--- YOUR INSTRUCTIONS ---
In the data, find each line where the word "GravityField" appears and list that line.

--- EXTRACTED MATERIAL Enclosed Below ---

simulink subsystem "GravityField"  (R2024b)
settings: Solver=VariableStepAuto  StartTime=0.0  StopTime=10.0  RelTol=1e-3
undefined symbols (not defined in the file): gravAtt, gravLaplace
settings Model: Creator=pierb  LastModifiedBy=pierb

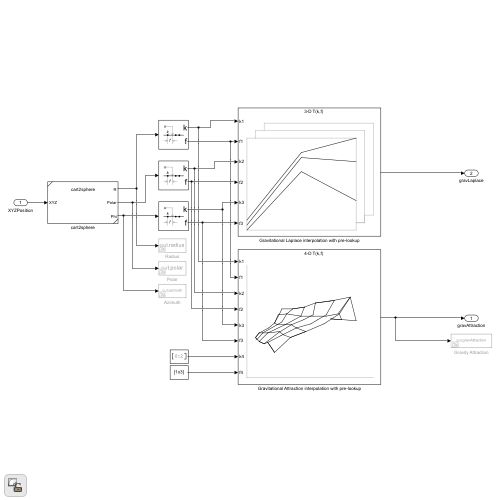
[thumbnail: Simulink's stored preview of the top-level diagram]
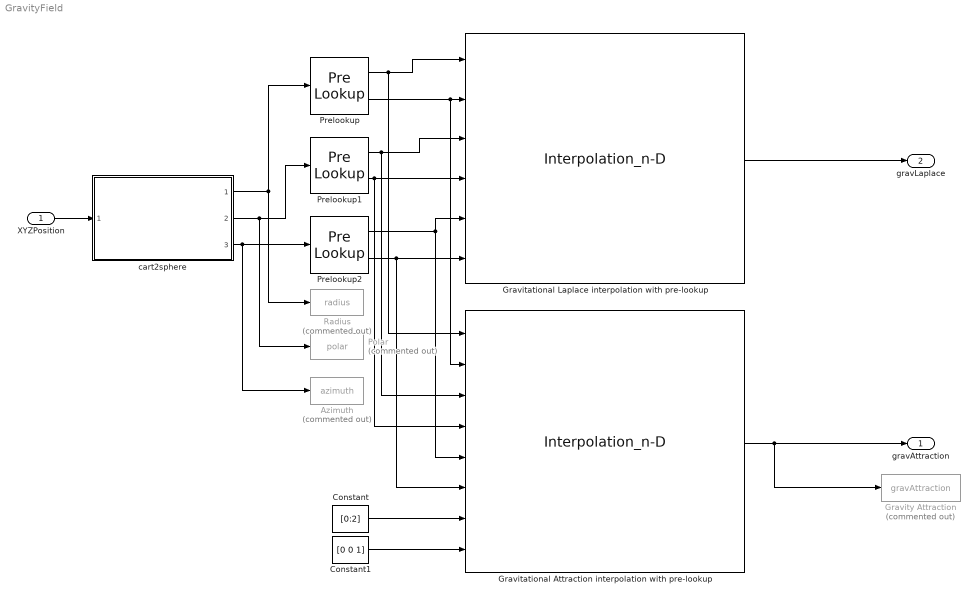
== system GravityField ==
  XYZPosition : Inport
  Azimuth : ToWorkspace  Commented=on  VariableName=azimuth  SampleTime=-1
  Constant : Constant  Value=[0:2]
  Constant1 : Constant  Value=[0 0 1]
  Gravitational Attraction interpolation with pre-lookup : Interpolation_n-D  NumberOfTableDimensions=4  Table=gravAtt  ExtrapMethod=Clip  InternalRulePriority=Speed  RndMeth=Simplest
      settings: InputPortMap=u0,u1,u2,u3,u4,u5,u6,u7
  Gravitational Laplace interpolation with pre-lookup : Interpolation_n-D  NumberOfTableDimensions=3  Table=gravLaplace  ExtrapMethod=Clip  InternalRulePriority=Speed  RndMeth=Simplest
      settings: InputPortMap=u0,u1,u2,u3,u4,u5
  Gravity Attraction : ToWorkspace  Commented=on  VariableName=gravAttraction  SaveFormat=Timeseries  SampleTime=-1
  Polar : ToWorkspace  Commented=on  VariableName=polar  SampleTime=-1
  Prelookup : PreLookup  BreakpointsData=environment.asteroidCoords.radius  BeginIndexSearchUsingPreviousIndexResult=on  ExtrapMethod=Linear  RndMeth=Simplest
  Prelookup1 : PreLookup  BreakpointsData=environment.asteroidCoords.polar  IndexSearchMethod=Linear search  BeginIndexSearchUsingPreviousIndexResult=on  DiagnosticForOutOfRangeInput=Warning  RndMeth=Simplest
  Prelookup2 : PreLookup  BreakpointsData=environment.asteroidCoords.azimuth  IndexSearchMethod=Linear search  BeginIndexSearchUsingPreviousIndexResult=on  RndMeth=Simplest
  Radius : ToWorkspace  Commented=on  VariableName=radius  SampleTime=-1
  cart2sphere : Subsystem  ReferencedSubsystem=cart2sphere
  gravAttraction : Outport
  gravLaplace : Outport  Port=2
  wires:
  XYZPosition/1 -> cart2sphere/1
  cart2sphere/3 -> Azimuth/1, Prelookup2/1
  cart2sphere/2 -> Polar/1, Prelookup1/1
  Prelookup1/1 -> Gravitational Attraction interpolation with pre-lookup/3, Gravitational Laplace interpolation with pre-lookup/3
  Prelookup/1 -> Gravitational Attraction interpolation with pre-lookup/1, Gravitational Laplace interpolation with pre-lookup/1
  Prelookup/2 -> Gravitational Laplace interpolation with pre-lookup/2, Gravitational Attraction interpolation with pre-lookup/2
  Prelookup1/2 -> Gravitational Laplace interpolation with pre-lookup/4, Gravitational Attraction interpolation with pre-lookup/4
  Prelookup2/1 -> Gravitational Attraction interpolation with pre-lookup/5, Gravitational Laplace interpolation with pre-lookup/5
  Prelookup2/2 -> Gravitational Attraction interpolation with pre-lookup/6, Gravitational Laplace interpolation with pre-lookup/6
  Constant/1 -> Gravitational Attraction interpolation with pre-lookup/7
  Constant1/1 -> Gravitational Attraction interpolation with pre-lookup/8
  Gravitational Laplace interpolation with pre-lookup/1 -> gravLaplace/1
  cart2sphere/1 -> Prelookup/1, Radius/1
  Gravitational Attraction interpolation with pre-lookup/1 -> gravAttraction/1, Gravity Attraction/1

--- End of Enclosed EXTRACTED MATERIAL ---

--- RESPONSE ---
simulink subsystem "GravityField"  (R2024b)
== system GravityField ==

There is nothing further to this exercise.